Les Kinsolving, one of a handful of non-traditional regulars in the White House briefing room, took advantage of McClellan's return to probe him on whether Bush really thinks Palestinian leader Yasser Arafat is going to heaven.

"At the president's news conference when the Washington Times informed him of the story that AP later had to retract about Arafat's death, the president said, 'God bless his soul.' And my question, did the President mean to say 'God cleanse his soul,' or is the president a universalist in believing that everybody goes to heaven?' "

McClellan mercifully ducked the question.

So Kinsolving uncorked another: "On talk radio, which with the Internet countered so much of old Big Media's attempt to drive you and the president out of the White House, there have been a number of callers who have wondered why Helen Thomas has been moved from the front-row reserved seat at presidential news conferences to the rear.

"And my question: Knowing that you and the president both try to be fair, could you tell us what Helen ever did that was as bad as the network that used forged documents to try to malign the president, and whose reserved seat has not been -- "

McClellan had no answer for that one, either.
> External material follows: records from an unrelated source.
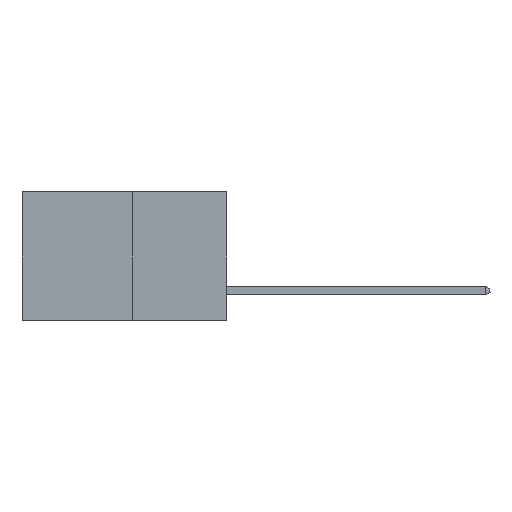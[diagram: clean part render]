
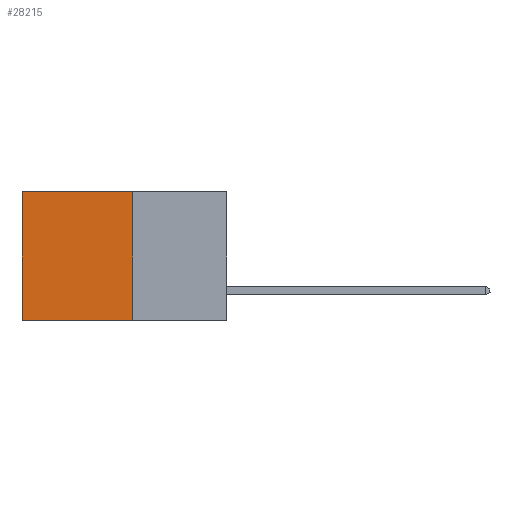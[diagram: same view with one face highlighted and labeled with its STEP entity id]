
A CAD part, left-side view. The second image highlights one B-rep face of the part: STEP entity #28215.
In plain terms, the highlighted planar face has unit normal (-1, 0, 0).
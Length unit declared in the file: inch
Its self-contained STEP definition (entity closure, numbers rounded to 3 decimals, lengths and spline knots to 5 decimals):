
#1632 = DIRECTION ( 'NONE',  ( 0., 0., -1. ) ) ;
#1753 = CARTESIAN_POINT ( 'NONE',  ( 0.277, 0.27, -0.37 ) ) ;
#2047 = AXIS2_PLACEMENT_3D ( 'NONE', #32463, #16976, #1632 ) ;
#2958 = ORIENTED_EDGE ( 'NONE', *, *, #8864, .T. ) ;
#3737 = FACE_OUTER_BOUND ( 'NONE', #17439, .T. ) ;
#4024 = VERTEX_POINT ( 'NONE', #24812 ) ;
#4605 = DIRECTION ( 'NONE',  ( 0., 1., 0. ) ) ;
#6934 = DIRECTION ( 'NONE',  ( 0., 0., -1. ) ) ;
#8864 = EDGE_CURVE ( 'NONE', #4024, #20282, #24092, .T. ) ;
#10590 = VECTOR ( 'NONE', #4605, 39.37008 ) ;
#11789 = EDGE_CURVE ( 'NONE', #11993, #17563, #14049, .T. ) ;
#11973 = ORIENTED_EDGE ( 'NONE', *, *, #11789, .F. ) ;
#11993 = VERTEX_POINT ( 'NONE', #14592 ) ;
#12102 = CARTESIAN_POINT ( 'NONE',  ( 0.277, 0.59, 0. ) ) ;
#12774 = LINE ( 'NONE', #1753, #32457 ) ;
#14049 = LINE ( 'NONE', #16102, #20712 ) ;
#14476 = PLANE ( 'NONE',  #2047 ) ;
#14592 = CARTESIAN_POINT ( 'NONE',  ( 0.277, 0.27, -0.37 ) ) ;
#16102 = CARTESIAN_POINT ( 'NONE',  ( 0.277, 0.27, -0.37 ) ) ;
#16832 = CARTESIAN_POINT ( 'NONE',  ( 0.277, 0.27, 0. ) ) ;
#16976 = DIRECTION ( 'NONE',  ( 1., 0., 0. ) ) ;
#17101 = VECTOR ( 'NONE', #32698, 39.37008 ) ;
#17185 = EDGE_CURVE ( 'NONE', #20282, #17563, #24667, .T. ) ;
#17186 = CARTESIAN_POINT ( 'NONE',  ( 0.277, 0.59, -0.37 ) ) ;
#17439 = EDGE_LOOP ( 'NONE', ( #31717, #11973, #23596, #2958 ) ) ;
#17563 = VERTEX_POINT ( 'NONE', #29127 ) ;
#20282 = VERTEX_POINT ( 'NONE', #12102 ) ;
#20712 = VECTOR ( 'NONE', #30758, 39.37008 ) ;
#23596 = ORIENTED_EDGE ( 'NONE', *, *, #25518, .F. ) ;
#24092 = LINE ( 'NONE', #16832, #10590 ) ;
#24667 = LINE ( 'NONE', #17186, #17101 ) ;
#24812 = CARTESIAN_POINT ( 'NONE',  ( 0.277, 0.27, 0. ) ) ;
#25518 = EDGE_CURVE ( 'NONE', #4024, #11993, #12774, .T. ) ;
#28215 = ADVANCED_FACE ( 'NONE', ( #3737 ), #14476, .F. ) ;
#29127 = CARTESIAN_POINT ( 'NONE',  ( 0.277, 0.59, -0.37 ) ) ;
#30758 = DIRECTION ( 'NONE',  ( 0., 1., 0. ) ) ;
#31717 = ORIENTED_EDGE ( 'NONE', *, *, #17185, .T. ) ;
#32457 = VECTOR ( 'NONE', #6934, 39.37008 ) ;
#32463 = CARTESIAN_POINT ( 'NONE',  ( 0.277, 0.27, -0.37 ) ) ;
#32698 = DIRECTION ( 'NONE',  ( 0., 0., -1. ) ) ;

But last I heard, CBS was still allowed in the front row.

Blair Watch

James Blitz writes in the Financial Times: "When Tony Blair prepares for a summit with President George W. Bush, one of his golden rules is never to predict publicly what the president might say.

"But there are high hopes in Downing Street that Thursday's meeting between the two men in Washington -- little more than a week after the president's re-election -- will see a new attempt to inject momentum into the Middle East peace process.

"Mr Blair's official spokesman told reporters yesterday that a 'clear signal of intent' to revive the peace process between Israel and the Palestinians should emerge from the summit."

Blitz adds: "Political observers can be forgiven for being cynical in the face of such enthusiasm."

Curtains for a White House Aide

Richard Leiby asks in The Washington Post's Reliable Sources column: "Now that National Security Council aide Robert Blackwill, President Bush's point man on Iraq, is leaving behind the rigors of government service, will he finally find time to purchase curtains for his Georgetown home? His neighbors, who tell us they've seen far too much of him while he dresses, sure hope so."